Be Curious, Not Judgmental
By Dave Wenzel, For The Sandy Standard
Some of the most important work I’ve done in my life hasn’t been in a counseling office. It’s been inside my own head - learning, slowly and sometimes reluctantly, how to be less certain and more curious.
I didn’t start there.
I was raised in a world that made a lot of sense. There was a right way to see things: politically, morally, spiritually - and a wrong way. The boundaries were clear, and clarity has its comforts. It gives you a sense of belonging, of being anchored in something solid. It also, quietly and unintentionally, shapes how you see people who don’t share those same views.
Not with malice. Not with conscious intent. But with a kind of inherited certainty that leaves little room for curiosity. In that environment, judgment can feel like discernment. Drawing lines can feel like integrity. And over time, those habits settle in - not just as beliefs, but as reflexes.
I don’t fault where I came from. In many ways, it gave me a strong foundation - values around commitment, responsibility, and meaning that I still carry. But alongside those gifts, there was something else I didn’t recognize until much later: a tendency to move quickly toward conclusions about people, especially when they saw the world differently than I did.

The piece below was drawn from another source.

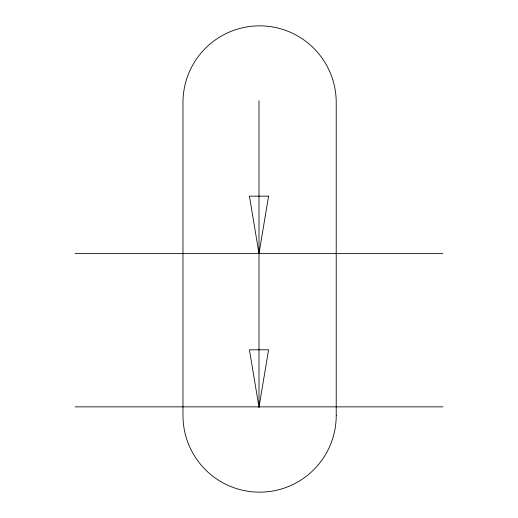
<?xml version="1.0" encoding="UTF-8"?>
<svg xmlns="http://www.w3.org/2000/svg" width="518" height="518" viewBox="0 0 518 518"><rect width="100%" height="100%" fill="white"/><g stroke="black" fill="none" stroke-linecap="round" stroke-linejoin="round"><path stroke-width="0.78" d="M259 407.265L268.577 349.799L249.423 349.799L259 407.265L259 100.783M75.116 253.626L442.884 253.626M75.116 406.863L442.884 406.863M268.577 196.16L259 253.626L249.423 196.16L268.577 196.16M336.221 415.533L336.221 102.467A76.619 76.619 0 0 0 259.596 25.848A76.619 76.619 0 0 0 182.977 102.467L182.977 415.533A76.619 76.619 0 0 0 259.596 492.152A76.619 76.619 0 0 0 336.221 415.533"/></g></svg>

It wasn’t until adulthood - through relationships, losses, and the privilege of sitting across from tens of hundreds of people in my work, that those reflexes began to soften.
Because when you really listen to someone’s story, judgment becomes harder to sustain.
As Hollis and I have gotten older, we’ve become increasingly aware of just how deeply those reflexes run – to exercise judgment before curiosity. They don’t simply disappear with insight. They linger, often just beneath the surface, ready to step in and make quick sense of what we’re seeing.
I’ve learned that if I can reverse that order - if I can lead with curiosity instead of judgment - I am often surprised to find that I’m wrong. Things are not always what they seem on the surface. There is almost always more to the story.
And in those moments, something opens up.
I’ve come to appreciate the beauty and complexity of each person I’m able to be curious about. Not in an abstract way, but in a very real, human way - where people are no longer categories or positions, but stories, shaped by experiences I may never fully understand.
Curiosity doesn’t mean abandoning your beliefs. It doesn’t require you to agree with everyone or to lose your sense of conviction. But it does ask something of you: a willingness to pause before deciding, to wonder before concluding, and to make room for the possibility that you don’t yet understand all things.
That shift - from judgment to curiosity - has been one of the most meaningful and humbling journeys of my life. And if I’m honest, it’s still a work in progress, and I’ve got a long way to go. I invite you to join me on that journey and to be open to curiosity, which can lead to beauty you might have missed otherwise.